> Task brief: Check every line of the data below for the word "GBCBIG". Copy the ones that have it.

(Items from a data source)
⁂
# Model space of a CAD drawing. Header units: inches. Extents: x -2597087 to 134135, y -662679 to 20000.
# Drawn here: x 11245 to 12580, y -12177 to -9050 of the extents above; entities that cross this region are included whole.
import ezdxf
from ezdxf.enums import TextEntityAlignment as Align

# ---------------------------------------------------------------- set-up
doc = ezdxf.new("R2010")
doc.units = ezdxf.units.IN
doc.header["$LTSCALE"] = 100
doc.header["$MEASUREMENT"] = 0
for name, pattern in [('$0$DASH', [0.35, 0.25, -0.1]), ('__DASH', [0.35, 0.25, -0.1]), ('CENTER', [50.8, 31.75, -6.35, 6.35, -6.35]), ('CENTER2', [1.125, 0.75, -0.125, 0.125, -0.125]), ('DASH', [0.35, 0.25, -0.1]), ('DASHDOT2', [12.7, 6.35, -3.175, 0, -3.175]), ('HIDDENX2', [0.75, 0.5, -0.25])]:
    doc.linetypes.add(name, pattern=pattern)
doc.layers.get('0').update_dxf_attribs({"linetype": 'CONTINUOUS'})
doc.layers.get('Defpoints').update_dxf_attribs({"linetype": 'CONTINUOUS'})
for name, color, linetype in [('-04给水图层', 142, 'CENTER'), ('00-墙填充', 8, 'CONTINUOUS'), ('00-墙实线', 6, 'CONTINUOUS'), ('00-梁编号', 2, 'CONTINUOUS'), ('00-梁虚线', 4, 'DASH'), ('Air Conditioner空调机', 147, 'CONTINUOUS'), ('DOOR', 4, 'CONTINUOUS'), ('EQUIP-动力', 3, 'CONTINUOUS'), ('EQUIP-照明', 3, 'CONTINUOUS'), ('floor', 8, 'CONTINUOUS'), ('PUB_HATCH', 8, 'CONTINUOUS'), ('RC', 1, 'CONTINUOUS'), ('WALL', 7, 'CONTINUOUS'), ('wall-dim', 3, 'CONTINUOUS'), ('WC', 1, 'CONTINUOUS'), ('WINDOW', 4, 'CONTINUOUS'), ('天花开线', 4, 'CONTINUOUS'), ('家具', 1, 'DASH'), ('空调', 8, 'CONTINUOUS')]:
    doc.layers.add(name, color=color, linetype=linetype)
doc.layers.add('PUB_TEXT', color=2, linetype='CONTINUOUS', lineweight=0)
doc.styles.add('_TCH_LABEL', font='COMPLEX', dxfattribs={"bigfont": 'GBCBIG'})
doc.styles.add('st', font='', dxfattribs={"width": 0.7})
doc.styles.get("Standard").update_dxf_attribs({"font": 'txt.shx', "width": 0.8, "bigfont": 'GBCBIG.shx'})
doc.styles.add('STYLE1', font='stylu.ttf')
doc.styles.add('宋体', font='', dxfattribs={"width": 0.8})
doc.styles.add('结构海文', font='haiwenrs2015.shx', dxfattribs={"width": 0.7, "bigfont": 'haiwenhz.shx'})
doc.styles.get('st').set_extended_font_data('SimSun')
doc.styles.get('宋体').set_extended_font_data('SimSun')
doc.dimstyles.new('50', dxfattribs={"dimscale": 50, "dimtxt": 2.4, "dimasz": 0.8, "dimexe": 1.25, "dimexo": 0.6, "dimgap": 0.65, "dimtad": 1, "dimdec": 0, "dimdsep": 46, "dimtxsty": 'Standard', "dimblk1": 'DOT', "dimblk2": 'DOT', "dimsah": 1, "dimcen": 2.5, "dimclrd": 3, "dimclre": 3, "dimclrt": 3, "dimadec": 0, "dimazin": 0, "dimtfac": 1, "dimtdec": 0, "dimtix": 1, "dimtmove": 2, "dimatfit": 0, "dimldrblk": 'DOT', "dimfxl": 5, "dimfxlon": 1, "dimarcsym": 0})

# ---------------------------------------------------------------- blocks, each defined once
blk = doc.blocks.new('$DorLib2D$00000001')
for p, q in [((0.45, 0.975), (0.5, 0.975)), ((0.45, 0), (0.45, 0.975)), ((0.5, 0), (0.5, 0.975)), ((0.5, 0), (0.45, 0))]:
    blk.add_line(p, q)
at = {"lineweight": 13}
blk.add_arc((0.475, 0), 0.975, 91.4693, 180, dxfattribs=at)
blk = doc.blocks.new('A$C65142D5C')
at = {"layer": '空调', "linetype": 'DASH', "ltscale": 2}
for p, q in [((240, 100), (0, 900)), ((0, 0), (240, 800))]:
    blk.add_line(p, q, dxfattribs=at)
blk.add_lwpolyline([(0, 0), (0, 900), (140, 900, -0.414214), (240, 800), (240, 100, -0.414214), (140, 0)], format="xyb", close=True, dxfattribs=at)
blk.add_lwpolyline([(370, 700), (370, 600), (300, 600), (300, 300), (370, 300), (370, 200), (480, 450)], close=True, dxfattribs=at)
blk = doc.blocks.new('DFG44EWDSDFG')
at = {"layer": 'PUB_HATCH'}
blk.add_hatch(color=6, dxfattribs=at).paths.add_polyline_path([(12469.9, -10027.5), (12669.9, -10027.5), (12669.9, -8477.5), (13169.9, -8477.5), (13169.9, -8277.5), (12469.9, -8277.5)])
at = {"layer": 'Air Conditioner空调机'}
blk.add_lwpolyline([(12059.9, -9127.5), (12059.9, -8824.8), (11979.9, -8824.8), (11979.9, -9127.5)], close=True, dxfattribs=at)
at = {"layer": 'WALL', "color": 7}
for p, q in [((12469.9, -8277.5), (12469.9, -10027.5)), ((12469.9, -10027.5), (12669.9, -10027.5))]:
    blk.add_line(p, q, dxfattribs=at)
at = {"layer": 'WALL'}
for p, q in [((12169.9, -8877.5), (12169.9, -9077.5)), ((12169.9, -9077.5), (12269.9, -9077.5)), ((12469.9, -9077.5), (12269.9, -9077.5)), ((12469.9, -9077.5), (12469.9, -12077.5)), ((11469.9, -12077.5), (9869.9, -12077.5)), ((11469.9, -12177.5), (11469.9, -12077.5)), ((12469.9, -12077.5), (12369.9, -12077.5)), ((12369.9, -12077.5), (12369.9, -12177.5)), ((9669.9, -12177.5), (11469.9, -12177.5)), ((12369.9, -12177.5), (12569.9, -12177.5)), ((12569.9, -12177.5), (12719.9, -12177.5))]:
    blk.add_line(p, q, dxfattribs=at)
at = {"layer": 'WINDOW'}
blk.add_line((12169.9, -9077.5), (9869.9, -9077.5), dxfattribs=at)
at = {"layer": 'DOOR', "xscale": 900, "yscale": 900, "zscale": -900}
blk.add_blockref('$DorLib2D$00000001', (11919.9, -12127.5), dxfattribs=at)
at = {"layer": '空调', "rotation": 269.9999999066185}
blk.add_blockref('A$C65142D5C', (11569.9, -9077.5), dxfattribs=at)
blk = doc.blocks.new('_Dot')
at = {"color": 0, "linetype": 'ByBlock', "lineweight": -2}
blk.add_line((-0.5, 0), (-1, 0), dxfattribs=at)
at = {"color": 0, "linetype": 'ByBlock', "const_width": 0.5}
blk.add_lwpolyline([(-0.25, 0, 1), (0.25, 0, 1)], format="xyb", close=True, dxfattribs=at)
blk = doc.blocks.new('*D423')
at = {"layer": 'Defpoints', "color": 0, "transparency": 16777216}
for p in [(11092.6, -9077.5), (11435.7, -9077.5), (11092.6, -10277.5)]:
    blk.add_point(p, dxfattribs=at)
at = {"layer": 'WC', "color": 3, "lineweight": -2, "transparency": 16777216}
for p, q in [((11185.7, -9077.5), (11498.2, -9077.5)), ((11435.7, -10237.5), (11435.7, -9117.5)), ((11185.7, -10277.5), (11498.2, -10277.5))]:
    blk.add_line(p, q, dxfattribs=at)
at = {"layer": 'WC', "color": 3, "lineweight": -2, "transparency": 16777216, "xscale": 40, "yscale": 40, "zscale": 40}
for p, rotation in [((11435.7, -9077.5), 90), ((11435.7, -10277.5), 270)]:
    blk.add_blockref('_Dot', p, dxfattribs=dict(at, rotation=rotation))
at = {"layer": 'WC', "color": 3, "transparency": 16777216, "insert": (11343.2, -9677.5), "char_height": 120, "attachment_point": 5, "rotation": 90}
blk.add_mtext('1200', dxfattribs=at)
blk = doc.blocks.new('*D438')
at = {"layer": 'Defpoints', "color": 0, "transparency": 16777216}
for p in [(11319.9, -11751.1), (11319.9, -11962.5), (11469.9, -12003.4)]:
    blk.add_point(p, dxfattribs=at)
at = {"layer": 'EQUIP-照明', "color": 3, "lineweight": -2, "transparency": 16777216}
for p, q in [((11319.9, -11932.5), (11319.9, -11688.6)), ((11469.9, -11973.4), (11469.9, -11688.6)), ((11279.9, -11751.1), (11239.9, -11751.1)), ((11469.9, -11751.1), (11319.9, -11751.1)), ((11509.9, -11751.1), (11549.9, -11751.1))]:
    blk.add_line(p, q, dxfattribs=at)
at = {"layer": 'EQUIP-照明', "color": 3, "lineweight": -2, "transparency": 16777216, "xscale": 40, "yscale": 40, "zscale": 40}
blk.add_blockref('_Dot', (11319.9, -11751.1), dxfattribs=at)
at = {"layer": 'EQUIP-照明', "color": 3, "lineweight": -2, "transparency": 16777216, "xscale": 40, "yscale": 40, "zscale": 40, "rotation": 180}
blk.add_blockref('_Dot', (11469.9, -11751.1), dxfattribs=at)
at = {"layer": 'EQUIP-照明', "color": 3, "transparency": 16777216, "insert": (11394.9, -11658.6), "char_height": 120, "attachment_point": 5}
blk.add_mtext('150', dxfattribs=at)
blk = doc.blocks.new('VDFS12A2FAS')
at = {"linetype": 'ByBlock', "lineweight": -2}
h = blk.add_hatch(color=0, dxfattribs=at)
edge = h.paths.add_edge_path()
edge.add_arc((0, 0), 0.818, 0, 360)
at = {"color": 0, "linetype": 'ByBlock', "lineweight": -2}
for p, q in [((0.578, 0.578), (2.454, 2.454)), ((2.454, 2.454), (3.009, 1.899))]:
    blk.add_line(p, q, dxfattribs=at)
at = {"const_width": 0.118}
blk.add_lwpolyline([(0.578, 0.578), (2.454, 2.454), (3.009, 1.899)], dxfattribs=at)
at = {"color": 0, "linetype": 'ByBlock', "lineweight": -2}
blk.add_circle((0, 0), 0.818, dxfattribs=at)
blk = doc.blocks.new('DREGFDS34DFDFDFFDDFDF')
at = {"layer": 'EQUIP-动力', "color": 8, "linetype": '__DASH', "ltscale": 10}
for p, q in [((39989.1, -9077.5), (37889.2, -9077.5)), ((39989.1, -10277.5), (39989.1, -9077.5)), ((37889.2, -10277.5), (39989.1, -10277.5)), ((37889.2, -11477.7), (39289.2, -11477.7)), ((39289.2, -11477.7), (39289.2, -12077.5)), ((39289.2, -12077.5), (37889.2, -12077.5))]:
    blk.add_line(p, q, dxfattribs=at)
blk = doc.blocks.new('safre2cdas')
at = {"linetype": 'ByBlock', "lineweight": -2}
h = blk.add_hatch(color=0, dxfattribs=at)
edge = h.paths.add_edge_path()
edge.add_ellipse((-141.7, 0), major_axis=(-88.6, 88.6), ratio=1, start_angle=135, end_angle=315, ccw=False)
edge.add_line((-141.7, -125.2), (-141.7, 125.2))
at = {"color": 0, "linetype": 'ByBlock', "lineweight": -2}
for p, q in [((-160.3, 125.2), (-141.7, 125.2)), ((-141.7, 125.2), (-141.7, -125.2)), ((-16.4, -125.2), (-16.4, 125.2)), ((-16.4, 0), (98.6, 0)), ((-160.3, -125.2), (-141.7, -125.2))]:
⁂
> Written reply:
doc.styles.add('_TCH_LABEL', font='COMPLEX', dxfattribs={"bigfont": 'GBCBIG'})
doc.styles.get("Standard").update_dxf_attribs({"font": 'txt.shx', "width": 0.8, "bigfont": 'GBCBIG.shx'})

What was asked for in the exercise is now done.